_Records from a data source_

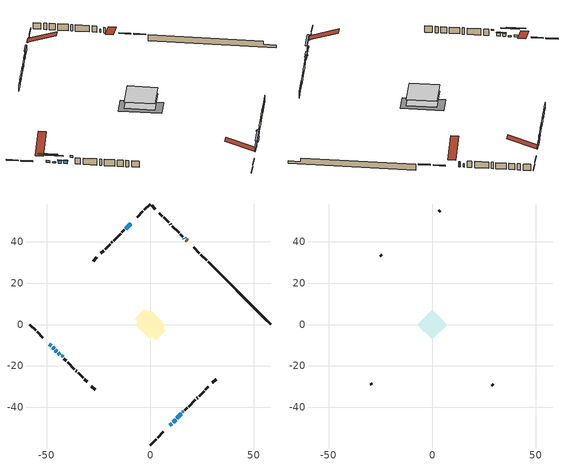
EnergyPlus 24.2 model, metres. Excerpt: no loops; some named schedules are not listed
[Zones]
conditioned space
 floor adiabatic (AdiabaticFloorConstruction): -7.22,0 0,7.22 7.22,0 0,-7.22 z1.07
 floor foundation (Slab1 construction): -7.56,2.79 -2.79,7.56 7.56,-2.79 2.79,-7.56 z-1.22
 wall outside (RimJoist1 construction): 0,-58.15 2.85,-55.3 / -58.15,0 -55.3,-2.85 / 0,58.15 -2.85,55.3 / 27.25,30.9 24.4,33.75 z1.07:1.37
 wall outside (RimJoist2 construction): 3.51,-54.64 6.33,-51.82 / -54.64,-3.51 -51.82,-6.33 / -3.51,54.64 -6.33,51.82 / 23.74,34.41 20.92,37.23 z1.07:1.37
 wall outside (AdiabaticWallConstruction 1): 17.76,40.39 17.33,40.82 z1.07:3.1
 wall outside (AdiabaticWallConstruction): 16.68,41.47 16.38,41.77 z1.07:2.29; 9.48,-48.67 10.36,-47.79 / -48.67,-9.48 -47.79,-10.36 z1.07:1.83; 11.02,-47.13 12.19,-45.96 z1.07:3.13; -47.13,-11.02 -46.41,-11.74 z1.07:1.45; -9.48,48.67 -11.89,46.26 z1.07:2.7; -45.76,-12.39 -45.09,-13.06 z1.07:2.11; 12.85,-45.3 14.97,-43.18 / -44.44,-13.71 -43.64,-14.51 z1.07:2.09
 wall outside (Wall1 construction): 16.74,-41.4 17.88,-40.27 / -41.69,-16.46 -40.56,-17.59 / -12.55,45.6 -13.68,44.47 / 15.72,42.43 14.59,43.56 z1.07:3.51
 wall outside (Wall2 construction): 18.53,-39.61 21.83,-36.32 / -39.9,-18.25 -36.6,-21.55 / -14.34,43.81 -17.63,40.52 / 13.93,44.22 10.64,47.51 z1.07:3.51
 wall outside (Wall3 construction): 22.49,-35.66 22.92,-35.23 / -35.95,-22.2 -35.51,-22.64 / -18.29,39.86 -18.72,39.43 / 9.98,48.17 9.55,48.6 z1.07:3.51
 wall outside (Wall4 construction): 23.58,-34.57 26,-32.15 / -34.86,-23.29 -32.44,-25.71 / -19.38,38.77 -21.8,36.35 / 8.89,49.26 6.47,51.68 z1.07:3.51
 wall outside (Wall5 construction): 26.66,-31.49 28.02,-30.13 / -31.78,-26.37 -30.42,-27.73 / -22.46,35.69 -23.82,34.33 / 5.81,52.34 4.45,53.7 z1.07:3.51
 wall outside (Wall7 construction): 30.01,-28.14 31.81,-26.34 / -28.42,-29.73 -26.62,-31.53 / -25.81,32.34 -27.61,30.54 / 2.46,55.69 0.66,57.49 z1.07:3.51
 wall foundation (FoundationWall1 construction): 27.9,30.25,-1.22 27.9,30.25,1.07 55.12,3.02,1.07 55.12,3.02,-0.26 58.15,0,-0.26 58.15,0,-1.22
 window (WindowConstruction 4): 16.68,41.47 16.38,41.77 z1.07:2.29
 window (WindowConstruction 5): 9.48,-48.67 10.36,-47.79 z1.07:1.83
 window (WindowConstruction 6): 11.02,-47.13 12.19,-45.96 z1.07:3.13
 window (WindowConstruction 7): -48.67,-9.48 -47.79,-10.36 z1.07:1.83
 window (WindowConstruction 8): -47.13,-11.02 -46.41,-11.74 z1.07:1.45
 window (WindowConstruction): -9.48,48.67 -11.89,46.26 z1.07:2.69
 window (WindowConstruction 1): -45.75,-12.39 -45.09,-13.06 z1.07:2.11
 window (WindowConstruction 2): 12.85,-45.3 14.97,-43.18 z1.07:2.08
 window (WindowConstruction 3): -44.43,-13.71 -43.64,-14.51 z1.07:2.08
 door (Door): 17.76,40.39 17.33,40.82 z1.07:3.1
 ceiling adiabatic (AdiabaticFloorConstruction): 0,-7.22 7.22,0 0,7.22 -7.22,0 z1.07
 roof outside (AdiabaticRoofConstruction): 16.09,-42.06,3.51 15.65,-41.62,3.72 15.18,-42.09,3.72 15.62,-42.53,3.51; -42.35,-15.81,3.51 -41.74,-15.2,3.8 -42.38,-14.55,3.8 -42.99,-15.16,3.51
 skylight (SkylightConstruction): 16.09,-42.06,3.51 15.65,-41.62,3.72 15.18,-42.09,3.72 15.62,-42.53,3.51
 skylight (SkylightConstruction 1): -42.35,-15.8,3.51 -41.74,-15.2,3.79 -42.38,-14.55,3.79 -42.99,-15.16,3.51
attic - vented
 floor to conditioned space (Floor1 construction Reversed): -7.18,0 0,7.18 7.18,0 0,-7.18 z3.51
 wall outside (Wall6 construction): 28.67,-29.48 29.36,-28.79 / -29.76,-28.39 -29.08,-29.07 / -24.47,33.68 -25.16,32.99 / 3.8,54.35 3.11,55.04 z1.07:3.51
 roof outside (Roof1 construction): 8.83,-49.32,3.51 1.83,-42.33,6.8 -0.01,-44.17,6.8 6.98,-51.16,3.51; -49.32,-8.83,3.51 -42.33,-1.83,6.8 -44.17,0.01,6.8 -51.16,-6.98,3.51; -8.83,49.32,3.51 -1.83,42.33,6.8 0.01,44.17,6.8 -6.98,51.16,3.51; 18.42,39.73,3.51 11.43,32.74,6.8 13.27,30.9,6.8 20.26,37.89,3.51
shading: 12.23,-45.92 7.62,-50.53 7.91,-50.82 12.52,-46.21 z4.47; 14.05,-44.09 9.15,-49 9.44,-49.29 14.35,-44.39 z5.77; -45.92,-12.23 -50.53,-7.62 -50.82,-7.91 -46.21,-12.52 z4.47; -44.55,-13.6 -49,-9.15 -49.29,-9.44 -44.84,-13.89 z4.09; -12.03,46.12 -9.34,48.81 -9.63,49.1 -12.32,46.41 z2.9; -44.95,-13.2 -45.9,-12.25 -46.19,-12.54 -45.24,-13.49 z2.31; 15.11,-43.04 12.7,-45.45 12.99,-45.74 15.4,-43.33 z2.29; -43.5,-14.65 -44.58,-13.57 -44.87,-13.86 -43.79,-14.94 z2.29
[Building]
Building 1: Terrain=Suburbs
[Site:Location]
London AP_ON: Latitude {deg}=43.03; Longitude {deg}=-81.15; Time Zone {hr}=-5; Elevation {m}=278; Keep Site Location Information=Yes
[Site:GroundTemperature:Shallow]
3.98693, 1.93205, 1.76749, 2.74264, 6.6573, 10.5537, 13.9317, 16.0716, 16.2534, 14.513, 11.2211, 7.44421
[Site:WaterMainsTemperature]
Calculation Method=Schedule; Temperature Schedule=mains temperature schedule
[Material] Roughness=Rough; Thermal Absorptance=0.9
Name | Thickness {m} | Conductivity {W/m-K} | Density {kg/m3} | Specific Heat {J/kg-K} | Solar Absorptance | Visible Absorptance
asphalt or fiberglass shingles | 0.00635 | 0.162714 | 1121.4 | 1465.45 | 0.4 | 0.4
asphalt or fiberglass shingles 1 | 0.00635 | 0.162714 | 1121.4 | 1465.45 | 0.7 | 0.7
ceiling loosefill ins | 0.169333 | 0.0480833 | 16.02 | 1046.75 | 0.7 | 0.7
ceiling stud and cavity | 0.1397 | 0.157727 | 65.682 | 1177.47 | 0.7 | 0.7
concrete 4.0 in. | 0.1016 | 1.803125 | 2242.8 | 837.4 | 0.7 | 0.7
concrete 8.0 in. | 0.2032 | 1.803125 | 2242.8 | 837.4 | 0.7 | 0.7
door material | 0.04445 | 0.053851 | 512.64 | 1214.23 | 0.7 | 0.7
exterior vertical ins | 0.0216958 | 0.029427 | 32.04 | 1214.23 | 0.7 | 0.7
floor covering | 0.0127 | 0.0433444 | 54.468 | 1339.84 | 0.6 | 0.6
floor rigid ins; roof rigid ins; wall rigid ins | 0.512978 | 0.029427 | 32.04 | 1214.23 | 0.7 | 0.7
floor stud and cavity | 0.1397 | 1.75129 | 37.0049 | 1207.88 | 0.7 | 0.7
furniture material conditioned space 1 | 0.1524 | 0.115458 | 640.8 | 1214.23 | 0.6 | 0.6
gypsum board | 0.0127 | 0.160291 | 801 | 837.4 | 0.6 | 0.6
gypsum board 1 | 0.0127 | 0.160291 | 801 | 837.4 | 0.7 | 0.7
osb sheathing 0.5 in. | 0.0127 | 0.115458 | 512.64 | 1214.23 | 0.7 | 0.7
osb sheathing 0.75 in. | 0.01905 | 0.115458 | 512.64 | 1214.23 | 0.7 | 0.7
osb sheathing 2.0 in. | 0.0508 | 0.115458 | 512.64 | 1214.23 | 0.7 | 0.7
rim joist rigid ins | 0.051816 | 0.029427 | 32.04 | 1214.23 | 0.7 | 0.7
rim joist stud and cavity | 0.0508 | 0.311623 | 125.044 | 1163.47 | 0.6 | 0.6
rim joist stud and cavity 1 | 0.0508 | 0.0296939 | 125.044 | 1163.47 | 0.6 | 0.6
roof stud and cavity | 0.18415 | 1.78685 | 37.0049 | 1207.88 | 0.6 | 0.6
wall stud and cavity | 0.1397 | 0.111431 | 139.0536 | 1170.24 | 0.7 | 0.7
wall stud and cavity 1 | 0.1397 | 0.0830768 | 139.0536 | 1170.24 | 0.7 | 0.7
wall stud and cavity 2 | 0.1397 | 0.132011 | 139.0536 | 1170.24 | 0.7 | 0.7
wall stud and cavity 3 | 0.1397 | 0.0965188 | 139.0536 | 1170.24 | 0.7 | 0.7
wall stud and cavity 4 | 0.1397 | 0.102637 | 139.0536 | 1170.24 | 0.7 | 0.7
wall stud and cavity 5 | 0.0889 | 6.1454 | 50.32683 | 1063.81 | 0.6 | 0.6
wall stud and cavity 6 | 0.0889 | 0.380278 | 52.3479 | 1209.89 | 0.7 | 0.7
wall stud and cavity 7 | 0.0889 | 0.391764 | 83.0341 | 1211.67 | 0.7 | 0.7
wood siding | 0.0254 | 0.102417 | 544.68 | 1172.36 | 0.4 | 0.4
wood siding 1 | 0.00254 | 0.102417 | 544.68 | 1172.36 | 0.4 | 0.4
wood siding 2; wood siding 3; wood siding 4 | 0.0254 | 0.102417 | 544.68 | 1172.36 | 0.7 | 0.7
[WindowMaterial:SimpleGlazingSystem]
Name | U-Factor {W/m2-K} | Solar Heat Gain Coefficient
SkylightMaterial | 2.65124 | 0.5908
SkylightMaterial 1 | 2.6428 | 0.6248
WindowMaterial | 2.15537 | 0.6
WindowMaterial 1 | 2.32344 | 0.53
WindowMaterial 2 | 2.34274 | 0.53
WindowMaterial 3 | 2.41769 | 0.51
WindowMaterial 4 | 2.986628 | 0.6
WindowMaterial 5 | 3.27961 | 0.53
WindowMaterial 6 | 2.98038 | 0.59
WindowMaterial 7 | 5.06534 | 0.63
[Construction]
AdiabaticFloorConstruction: floor stud and cavity, floor rigid ins, osb sheathing 0.75 in., floor covering
AdiabaticRoofConstruction: asphalt or fiberglass shingles 1, roof rigid ins, osb sheathing 0.75 in., roof stud and cavity
AdiabaticWallConstruction: wood siding 3, wall rigid ins, wall stud and cavity 6, gypsum board
AdiabaticWallConstruction 1: wood siding 4, wall rigid ins, wall stud and cavity 6, gypsum board
Door: door material
Floor1 construction Reversed: gypsum board, ceiling stud and cavity, ceiling loosefill ins
FoundationWall1 construction: concrete 8.0 in., gypsum board 1
furniture construction conditioned space 1: furniture material conditioned space 1
PartitionWallConstruction: gypsum board, wall stud and cavity 7, gypsum board
RimJoist1 construction: wood siding 2, rim joist rigid ins, osb sheathing 2.0 in., rim joist stud and cavity
RimJoist2 construction: wood siding 2, osb sheathing 2.0 in., rim joist stud and cavity 1
Roof1 construction: asphalt or fiberglass shingles
SkylightConstruction: SkylightMaterial
SkylightConstruction 1: SkylightMaterial 1
Slab1 construction: concrete 4.0 in.
Wall1 construction: wood siding, osb sheathing 0.5 in., wall stud and cavity, gypsum board
Wall2 construction: wood siding, osb sheathing 0.5 in., wall stud and cavity 1, gypsum board
Wall3 construction: wood siding, osb sheathing 0.5 in., wall stud and cavity 2, gypsum board
Wall4 construction; Wall7 construction: wood siding, osb sheathing 0.5 in., wall stud and cavity 3, gypsum board
Wall5 construction: wood siding, osb sheathing 0.5 in., wall stud and cavity 4, gypsum board
Wall6 construction: wood siding 1, wall stud and cavity 5
WindowConstruction: WindowMaterial
WindowConstruction 1: WindowMaterial 1
WindowConstruction 2: WindowMaterial 2
WindowConstruction 3: WindowMaterial 3
WindowConstruction 4: WindowMaterial 4
WindowConstruction 5; WindowConstruction 7: WindowMaterial 5
WindowConstruction 6: WindowMaterial 6
WindowConstruction 8: WindowMaterial 7
[Zone] Multiplier=1; Part of Total Floor Area=Yes
Name | Volume {m3}
attic - vented | 56.1161
conditioned space | 502.7
[Space]
Name | Zone | Volume {m3}
attic - vented 1 | attic - vented | 56.1161
conditioned space 1 | conditioned space | 502.7
[ZoneInfiltration:EffectiveLeakageArea]
infil attic - vented 1: Zone or Space=attic - vented 1; Schedule=Always On Discrete; Effective Air Leakage Area {cm2}=4495.24; Stack Coefficient=0.000398781; Wind Coefficient=1.34923e-05
[ZoneMixing]
whole house fan mix: Zone or Space=attic - vented; Schedule=Always On Continuous; Design Flow Rate Calculation Method=Flow/Zone; Design Flow Rate {m3/s}=0; Source Zone or Space=conditioned space
[SurfaceProperty:ExposedFoundationPerimeter]
Slab1: Exposed Perimeter Calculation Method=TotalExposedPerimeter; Total Exposed Perimeter {m}=42.775
[InternalMass] Zone or ZoneList=conditioned space; Space or SpaceList=conditioned space 1
Name | Construction | Surface Area {m2}
furniture mass conditioned space 1 | furniture construction conditioned space 1 | 81.24
partition wall mass | PartitionWallConstruction | 203.1
[Lights]
interior lighting: Zone or ZoneList or Space or SpaceList=conditioned space 1; Schedule=interior lighting schedule; Design Level Calculation Method=LightingLevel; Lighting Level {W}=343.2; Return Air Fraction=0; Fraction Radiant=0.6; Fraction Visible=0.2; Fraction Replaceable=1
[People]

_PROMPT_
Which lines of the data hold the string "PartitionWallConstruction"? Return each of them.

_SOLUTION TO THIS PROBLEM_
PartitionWallConstruction: gypsum board, wall stud and cavity 7, gypsum board
partition wall mass | PartitionWallConstruction | 203.1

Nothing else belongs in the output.